● **Aim of the task**: Provide the number of lines in the entries below containing "condition", with no further words.

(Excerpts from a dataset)
★ ★ ★
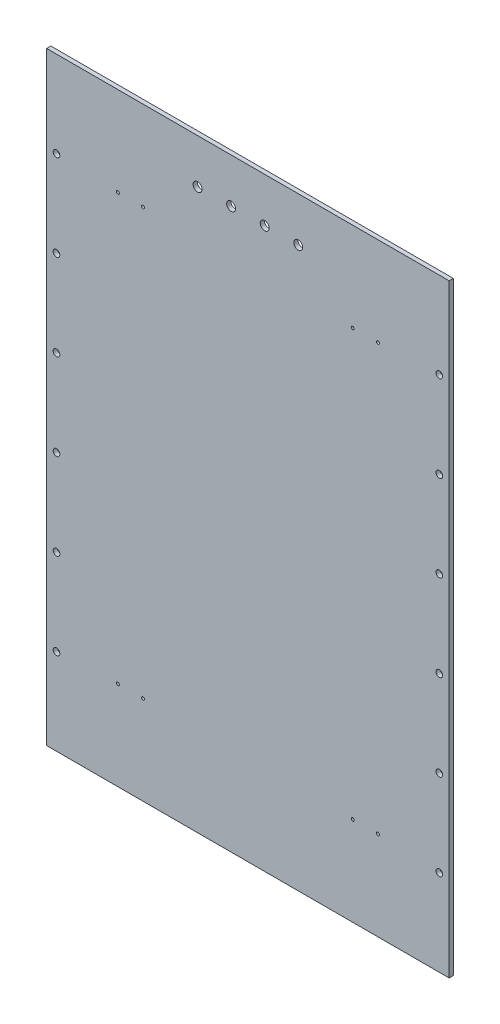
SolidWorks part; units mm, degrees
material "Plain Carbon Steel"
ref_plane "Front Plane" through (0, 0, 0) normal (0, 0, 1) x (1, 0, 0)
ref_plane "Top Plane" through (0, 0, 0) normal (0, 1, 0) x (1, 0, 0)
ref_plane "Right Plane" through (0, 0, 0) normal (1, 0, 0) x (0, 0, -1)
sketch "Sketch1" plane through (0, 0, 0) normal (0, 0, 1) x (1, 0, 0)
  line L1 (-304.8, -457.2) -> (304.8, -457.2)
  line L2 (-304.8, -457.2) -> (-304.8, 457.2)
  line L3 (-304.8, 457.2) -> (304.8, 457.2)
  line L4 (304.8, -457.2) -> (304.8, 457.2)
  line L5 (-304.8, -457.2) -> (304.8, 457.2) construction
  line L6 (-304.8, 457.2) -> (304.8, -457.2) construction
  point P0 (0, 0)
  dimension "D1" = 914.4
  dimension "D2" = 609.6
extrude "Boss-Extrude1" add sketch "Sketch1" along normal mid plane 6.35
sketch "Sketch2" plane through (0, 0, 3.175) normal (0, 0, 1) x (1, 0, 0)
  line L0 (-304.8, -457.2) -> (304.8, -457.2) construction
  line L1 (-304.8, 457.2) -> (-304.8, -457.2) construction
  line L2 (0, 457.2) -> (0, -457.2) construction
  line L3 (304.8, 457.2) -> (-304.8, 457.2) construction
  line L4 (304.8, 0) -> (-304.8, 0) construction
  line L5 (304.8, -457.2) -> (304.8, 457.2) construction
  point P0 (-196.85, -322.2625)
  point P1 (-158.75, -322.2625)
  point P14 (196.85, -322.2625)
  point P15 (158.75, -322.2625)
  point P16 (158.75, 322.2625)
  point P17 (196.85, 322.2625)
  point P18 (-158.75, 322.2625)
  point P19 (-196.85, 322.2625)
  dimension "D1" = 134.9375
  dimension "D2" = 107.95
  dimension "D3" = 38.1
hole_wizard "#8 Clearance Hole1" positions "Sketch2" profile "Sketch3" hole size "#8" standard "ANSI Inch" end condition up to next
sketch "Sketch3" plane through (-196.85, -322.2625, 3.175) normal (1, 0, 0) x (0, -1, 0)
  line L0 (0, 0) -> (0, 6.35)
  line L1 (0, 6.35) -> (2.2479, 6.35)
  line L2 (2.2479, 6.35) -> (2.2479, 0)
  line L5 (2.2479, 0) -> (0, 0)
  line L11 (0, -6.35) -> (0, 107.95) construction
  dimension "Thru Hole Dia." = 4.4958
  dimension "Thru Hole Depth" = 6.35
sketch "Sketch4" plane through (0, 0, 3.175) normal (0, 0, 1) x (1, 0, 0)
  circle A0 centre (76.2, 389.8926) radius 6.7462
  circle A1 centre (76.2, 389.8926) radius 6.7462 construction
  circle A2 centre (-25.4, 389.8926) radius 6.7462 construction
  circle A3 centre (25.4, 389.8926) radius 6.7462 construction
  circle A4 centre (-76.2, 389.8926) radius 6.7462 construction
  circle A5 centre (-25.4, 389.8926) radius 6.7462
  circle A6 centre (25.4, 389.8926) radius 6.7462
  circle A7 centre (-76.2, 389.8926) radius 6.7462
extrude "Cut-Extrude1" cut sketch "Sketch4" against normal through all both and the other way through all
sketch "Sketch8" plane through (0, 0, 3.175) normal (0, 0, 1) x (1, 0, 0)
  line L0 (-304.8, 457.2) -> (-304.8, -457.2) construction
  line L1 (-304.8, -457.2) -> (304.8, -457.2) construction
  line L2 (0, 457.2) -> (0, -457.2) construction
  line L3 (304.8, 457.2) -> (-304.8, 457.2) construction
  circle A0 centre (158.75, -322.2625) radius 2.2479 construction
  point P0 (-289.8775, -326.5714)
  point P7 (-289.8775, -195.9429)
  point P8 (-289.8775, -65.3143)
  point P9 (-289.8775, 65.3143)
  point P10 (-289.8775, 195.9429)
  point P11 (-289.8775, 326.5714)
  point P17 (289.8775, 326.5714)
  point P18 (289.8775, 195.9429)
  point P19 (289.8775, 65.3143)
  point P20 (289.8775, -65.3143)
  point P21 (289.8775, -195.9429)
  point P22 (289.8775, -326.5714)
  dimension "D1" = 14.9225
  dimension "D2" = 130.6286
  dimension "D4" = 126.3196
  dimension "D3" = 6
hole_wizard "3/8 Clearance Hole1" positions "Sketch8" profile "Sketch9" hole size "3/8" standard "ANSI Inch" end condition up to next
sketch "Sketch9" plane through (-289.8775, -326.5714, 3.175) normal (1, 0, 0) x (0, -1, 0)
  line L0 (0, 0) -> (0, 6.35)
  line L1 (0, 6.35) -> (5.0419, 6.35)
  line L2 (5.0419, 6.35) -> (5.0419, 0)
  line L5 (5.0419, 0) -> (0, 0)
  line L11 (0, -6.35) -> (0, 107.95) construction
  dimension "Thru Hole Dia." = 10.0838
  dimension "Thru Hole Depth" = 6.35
★ ★ ★
● **Answer to this task**: 2